Activity — Which lines of the entries contain the string "sketch"? Copy each of them.

Saved data entries —
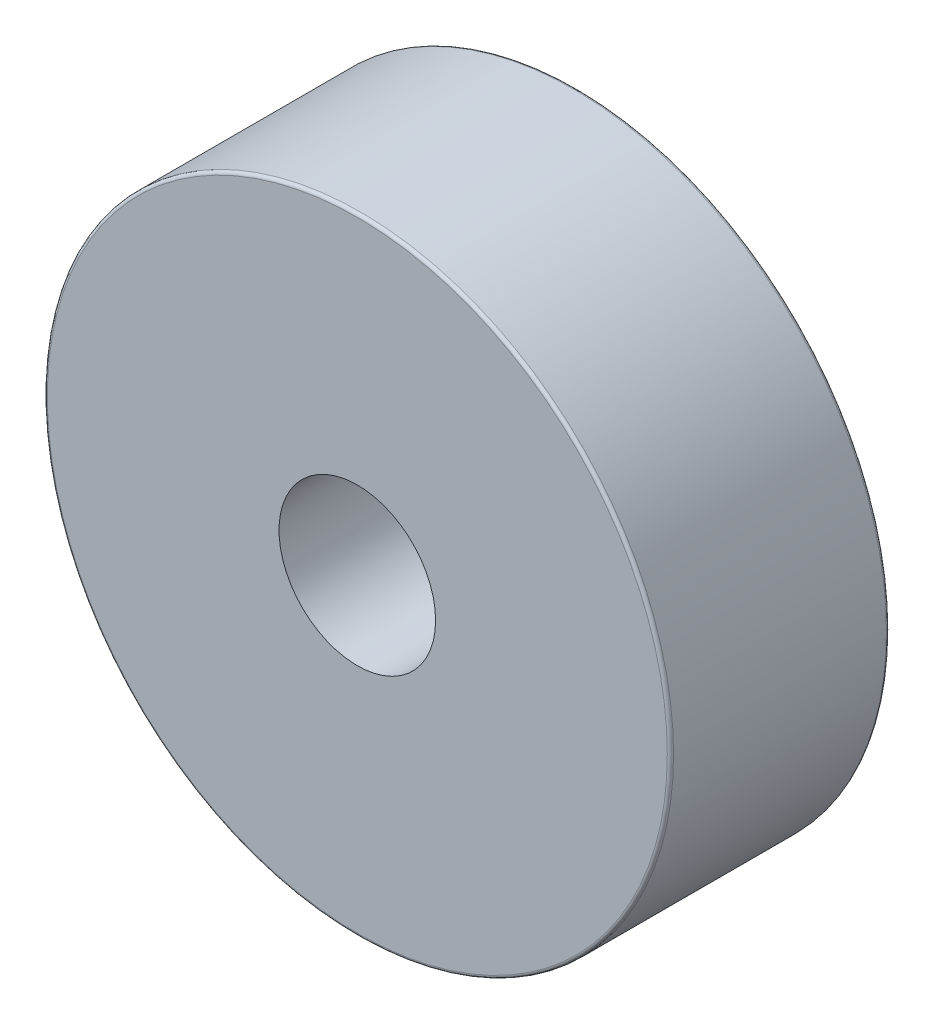
SolidWorks part; units mm, degrees
material "尼龙 101"
ref_plane "前视基准面" through (0, 0, 0) normal (0, 0, 1) x (1, 0, 0)
ref_plane "上视基准面" through (0, 0, 0) normal (0, 1, 0) x (1, 0, 0)
ref_plane "右视基准面" through (0, 0, 0) normal (1, 0, 0) x (0, 0, -1)
sketch "草图1" plane through (0, 0, 0) normal (0, 0, 1) x (1, 0, 0)
  circle A0 centre (0, 0) radius 10
  circle A1 centre (0, 0) radius 2.5
  dimension "D1" = 5
  dimension "D2" = 20
extrude "凸台-拉伸1" add sketch "草图1" along normal blind 7
fillet "圆角1" radius 0.1 2 edges at (10, 0, 7) (10, 0, 0)

Answer space —
sketch "草图1" plane through (0, 0, 0) normal (0, 0, 1) x (1, 0, 0)
extrude "凸台-拉伸1" add sketch "草图1" along normal blind 7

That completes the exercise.